Modern AI inference chips (Google TPU, NVIDIA A100/H100, Apple Neural Engine) use reduced-precision floating-point to pack more multiply-accumulate (MAC) units per mm². bfloat16 (Brain Float 16, 1+8+7) uses the same exponent field as float32 (1+8+23) but truncates the significand — this allows lossless conversion between float32 and bfloat16 and was developed by Google Brain for training large language models. NVIDIA’s Tensor Cores natively execute 16×16 matrix multiplications in fp16 or bfloat16 in a single clock cycle. Understanding why bfloat16 was chosen — it preserves float32’s range (critical for gradient updates) while halving memory bandwidth requirements — requires understanding why the exponent field width determines dynamic range.

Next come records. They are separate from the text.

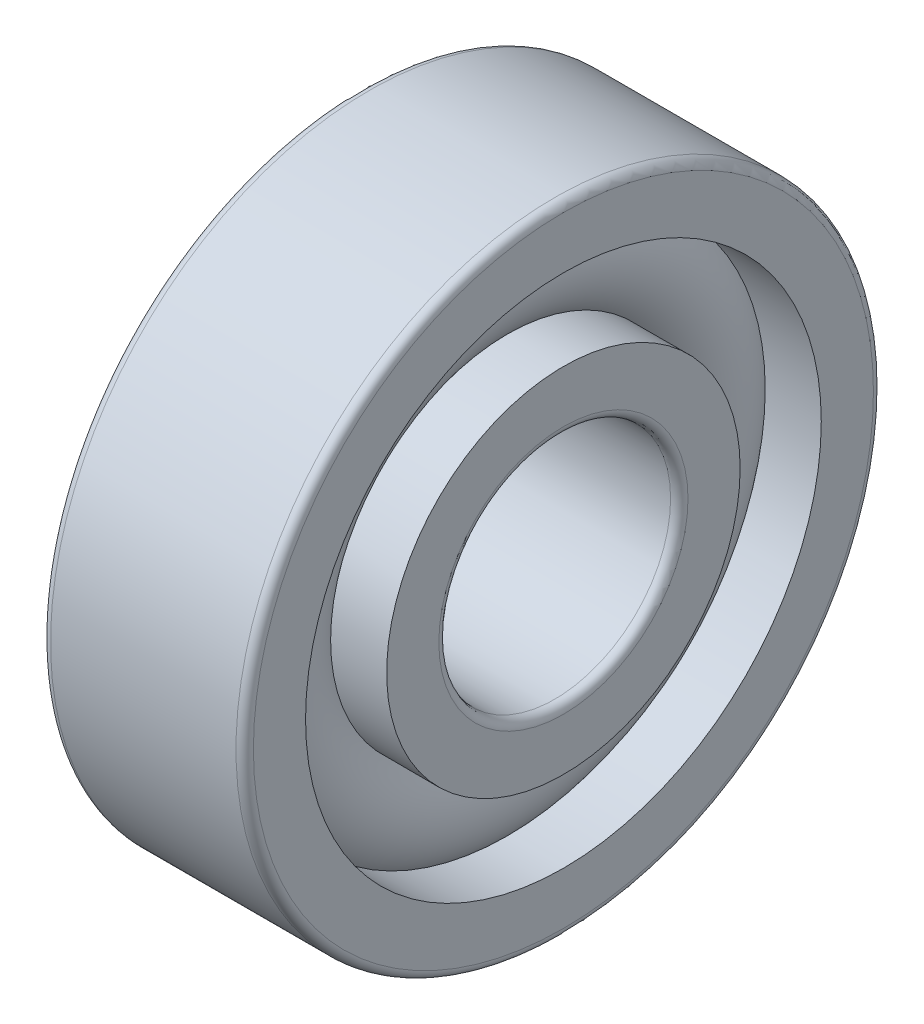
SolidWorks part; units mm, degrees
ref_plane "Plane1" through (0, 0, 0) normal (0, 0, 1) x (1, 0, 0)
ref_plane "Plane2" through (0, 0, 0) normal (0, 1, 0) x (1, 0, 0)
ref_plane "Plane3" through (0, 0, 0) normal (1, 0, 0) x (0, 0, -1)
other "Configuration Table"
sketch "Clipboard" plane through (0, 0, 0) normal (0, 0, 1) x (1, 0, 0)
  line L0 (-10, 0) -> (10, 0) construction
  line L1 (0, 0) -> (22.3471, -0.7804)
  line L2 (0, 0) -> (7.4954, 0.2617)
  line L3 (0, 0) -> (22.3471, -0.7804)
  line L4 (0, 0) -> (-22.3573, -0.3902)
sketch "CagSpiSke" plane through (0, 0, 0) normal (0, 0, 1) x (1, 0, 0)
  line L0 (0.21, 7.15) -> (0.21, 7.85)
  line L1 (0.21, 7.85) -> (-0.21, 7.85)
  line L2 (-0.21, 7.85) -> (-0.21, 7.15)
  line L3 (-0.21, 7.15) -> (0.21, 7.15)
  line L4 (-20.6375, 0) -> (20.6375, 0) construction
  line L5 (0, 0) -> (0, 23.7692) construction
revolve "CageSpine" add sketch "CagSpiSke" angle 0.001 about L4 reverse direction yes
ref_axis "Axis1" through (-50, 0, 0) along (1, 0, 0)
sketch "CagBalSke" plane through (0, 0, 0) normal (0, 0, 1) x (1, 0, 0)
  line L0 (-2.31, 7.5) -> (2.31, 7.5)
  line L1 (-1.905, 7.5) -> (1.905, 7.5) construction
  line L2 (-10, 0) -> (10, 0) construction
  line L3 (0, 0) -> (0, 24) construction
  arc A0 (2.31, 7.5) -> (-2.31, 7.5) centre (0, 7.5) cw
revolve "CageBall" [suppressed] add sketch "CagBalSke" angle 360 about L1 reverse direction yes
pattern_circular "CageBalls" [suppressed] count 2 every 180 about axis through (-50, 0, 0) along (1, 0, 0)
sketch "CagTrmODSke" plane through (0, 0, 0) normal (0, 0, 1) x (1, 0, 0)
  line L0 (2.311, 7.85) -> (2.311, 9.811)
  line L1 (2.311, 9.811) -> (-2.311, 9.811)
  line L2 (-2.311, 9.811) -> (-2.311, 7.85)
  line L3 (-2.311, 7.85) -> (2.311, 7.85)
  line L4 (-20.6375, 0) -> (20.6375, 0) construction
  line L5 (0, 0) -> (0, 25) construction
revolve "CageTrimOD" [suppressed] cut sketch "CagTrmODSke" angle 360 about L4 reverse direction yes
sketch "CagTrmIDSke" plane through (0, 0, 0) normal (0, 0, 1) x (1, 0, 0)
  line L0 (2.311, 5.191) -> (2.311, 7.15)
  line L1 (2.311, 7.15) -> (-2.311, 7.15)
  line L2 (-2.311, 7.15) -> (-2.311, 5.191)
  line L3 (-2.311, 5.191) -> (2.311, 5.191)
  line L4 (-20.6375, 0) -> (20.6375, 0) construction
  line L5 (0, 0) -> (0, 25) construction
revolve "CageTrimID" [suppressed] cut sketch "CagTrmIDSke" angle 360 about L4 reverse direction yes
sketch "BalSimSke" plane through (0, 0, 0) normal (0, 0, 1) x (1, 0, 0)
  line L0 (-10, 0) -> (10, 0) construction
  line L1 (-10, 7.5) -> (10, 7.5) construction
  line L2 (0, 0) -> (0, 23) construction
  circle A0 centre (0, 7.5) radius 2.1
revolve "BallsSimplified" add sketch "BalSimSke" angle 360 about L0
sketch "BalDetSke" plane through (0, 0, 0) normal (0, 0, 1) x (1, 0, 0)
  line L0 (-2.1, 7.5) -> (2.1, 7.5)
  line L1 (-1.905, 7.5) -> (1.905, 7.5) construction
  line L2 (0, 0) -> (0, 25) construction
  arc A0 (2.1, 7.5) -> (-2.1, 7.5) centre (0, 7.5) cw
revolve "BallDetailed" [suppressed] add sketch "BalDetSke" angle 360 about L1 reverse direction yes
sketch "InnRacSke" plane through (0, 0, 0) normal (0, 0, 1) x (1, 0, 0)
  line L0 (-1.5315, 6.1) -> (-3.5, 6.1)
  line L1 (-3.5, 6.1) -> (-3.5, 4.3)
  line L2 (-3.2, 4) -> (3.2, 4)
  line L3 (3.5, 4.3) -> (3.5, 6.1)
  line L4 (3.5, 6.1) -> (1.5315, 6.1)
  line L5 (-20.6375, 0) -> (20.6375, 0) construction
  line L6 (0, 0) -> (0, 30) construction
  arc A0 (-3.5, 4.3) -> (-3.2, 4) centre (-3.2, 4.3) ccw
  arc A1 (3.2, 4) -> (3.5, 4.3) centre (3.2, 4.3) ccw
  arc A2 (1.5315, 6.1) -> (-1.5315, 6.1) centre (0, 7.5) cw
  dimension "Fillet_radius" = 0.3
revolve "InnerRace" add sketch "InnRacSke" angle 360 about L5 reverse direction yes
sketch "OutRacSke" plane through (0, 0, 0) normal (0, 0, 1) x (1, 0, 0)
  line L0 (-1.5315, 8.9) -> (-3.5, 8.9)
  line L1 (-3.5, 8.9) -> (-3.5, 10.7)
  line L2 (-3.2, 11) -> (3.2, 11)
  line L3 (3.5, 10.7) -> (3.5, 8.9)
  line L4 (3.5, 8.9) -> (1.5315, 8.9)
  line L5 (-20.6375, 0) -> (20.6375, 0) construction
  line L6 (0, 0) -> (0, 30) construction
  arc A0 (-3.5, 10.7) -> (-3.2, 11) centre (-3.2, 10.7) cw
  arc A1 (3.2, 11) -> (3.5, 10.7) centre (3.2, 10.7) cw
  arc A2 (1.5315, 8.9) -> (-1.5315, 8.9) centre (0, 7.5) ccw
  dimension "Fillet_radius" = 0.3
revolve "OuterRace" add sketch "OutRacSke" angle 360 about L5 reverse direction yes
pattern_circular "BallsDetailed" [suppressed] count 2 every 180 about axis through (-50, 0, 0) along (1, 0, 0)
equation "\"BallCLRad@Clipboard\" = ( \"OD@OutRacSke\" + \"ID@InnRacSke\" ) / 4"
equation "\"BallCLRad@BalSimSke\" = \"BallCLRad@Clipboard\""
equation "\"BallCLRad@BalDetSke\" = \"BallCLRad@Clipboard\""
equation "\"BallCLRad@InnRacSke\" = \"BallCLRad@Clipboard\""
equation "\"BallCLRad@OutRacSke\" = \"BallCLRad@Clipboard\""
equation "\"Ball_diameter@InnRacSke\" = \"Ball_diameter@BalDetSke\" - 0.05"
equation "\"Ball_diameter@OutRacSke\" = \"Ball_diameter@BalDetSke\" - 0.05"
equation "\"Ball_diameter@BalSimSke\" = \"Ball_diameter@BalDetSke\""
equation "\"Width@OutRacSke\" = \"Width@InnRacSke\""
equation "\"Fillet_radius@OutRacSke\" = \"Fillet_radius@InnRacSke\""
equation "\"Max_count@Clipboard\" = int( 3.14159265 / atn(( \"Ball_diameter@BalDetSke\" / 2) / sqr( \"BallCLRad@Clipboard\"  *  \"BallCLRad@Clipboard\" - ( \"Ball_diameter@BalDetSke\" / 2) *  ( \"Ball_diameter@BalDetSke\" / 2))))"
equation "\"Max_count@Clipboard\" = ((sgn( \"Max_count@Clipboard\" - \"Count@Clipboard\" )-1)*( \"Max_count@Clipboard\" - \"Count@Clipboard\" ))/-2+ \"Count@Clipboard\""
equation "\"Count@BallsDetailed\" = int( \"Show_count@Clipboard\" ) "
equation "\"Count@BallsDetailed\" = ((sgn( \"Count@BallsDetailed\" - \"Max_count@Clipboard\" )-1)*( \"Count@BallsDetailed\" - \"Max_count@Clipboard\" ))/-2+ \"Max_count@Clipboard\""
equation "\"Count@BallsDetailed\" = ((sgn( \"Count@BallsDetailed\" - \"Min_count@Clipboard\" )+1)*( \"Count@BallsDetailed\" - \"Min_count@Clipboard\"))/2 +\"Min_count@Clipboard\""
equation "\"Angle@BallsDetailed\" = 360.0 / \"Max_count@Clipboard\""
equation "\"BallCLRad@CagBalSke\" = \"BallCLRad@Clipboard\""
equation "\"Count@CageBalls\" = \"Count@BallsDetailed\""
equation "\"Angle@CageBalls\" = \"Angle@BallsDetailed\""
equation "\"Angle@CageSpine\" =  \"Angle@CageBalls\" * ( \"Count@CageBalls\" -1 + int( \"Count@CageBalls\" / \"Max_count@Clipboard\" ) )  + 0.001 -  int( \"Count@CageBalls\" / \"Max_count@Clipboard\" ) * 0.001"
equation "\"Angle@CageSpine\" =  \"Angle@CageSpine\" * int( \"Min_count@Clipboard\" / 2) + int(1 / \"Min_count@Clipboard\")  * 0.001"
equation "\"CageWallOD@CagBalSke\" =  \"Ball_diameter@BalDetSke\" * 1.1"
equation "\"Thickness@CagSpiSke\" =  \"Ball_diameter@BalDetSke\" * 0.1"
equation "\"OD@CagTrmODSke\" = \"BallCLRad@Clipboard\" * 2 + \"CageWallOD@CagBalSke\" + 0.002"
equation "\"ID@CagTrmODSke\" = \"BallCLRad@Clipboard\" * 2 + \"Ball_diameter@BalDetSke\" / 6"
equation "\"OD@CagTrmIDSke\" = \"BallCLRad@Clipboard\" * 2 - \"Ball_diameter@BalDetSke\" / 6"
equation "\"ID@CagTrmIDSke\" = \"BallCLRad@Clipboard\" * 2 - \"CageWallOD@CagBalSke\" + 0.002"
equation "\"OD@CagSpiSke\" = \"ID@CagTrmODSke\""
equation "\"ID@CagSpiSke\" = \"OD@CagTrmIDSke\""
equation "\"Width@CagTrmODSke\" = \"CageWallOD@CagBalSke\" + 0.002"
equation "\"Width@CagTrmIDSke\" = \"CageWallOD@CagBalSke\" + 0.002"

The multiplier is almost always the critical-path bottleneck in a CPU or DSP data path. A 32×32-bit Booth-encoded multiplier produces 16 partial products (Radix-4 MBE), which are reduced by a Wallace tree of carry-save adders to two 64-bit numbers, then a final carry-propagate adder produces the 64-bit result. The Wallace tree depth is approximately log₁.₅(16) ≈ 6 levels of full adders; the final carry-propagate adder adds ~log₂(64) = 6 gate delays with a carry-lookahead tree. Total critical path: ~12–20 gate delays = 1–3 ns at 28nm. Physical designers floorplan the multiplier carefully — placing it close to the register file and ALU and manually placing critical cells to meet timing closure.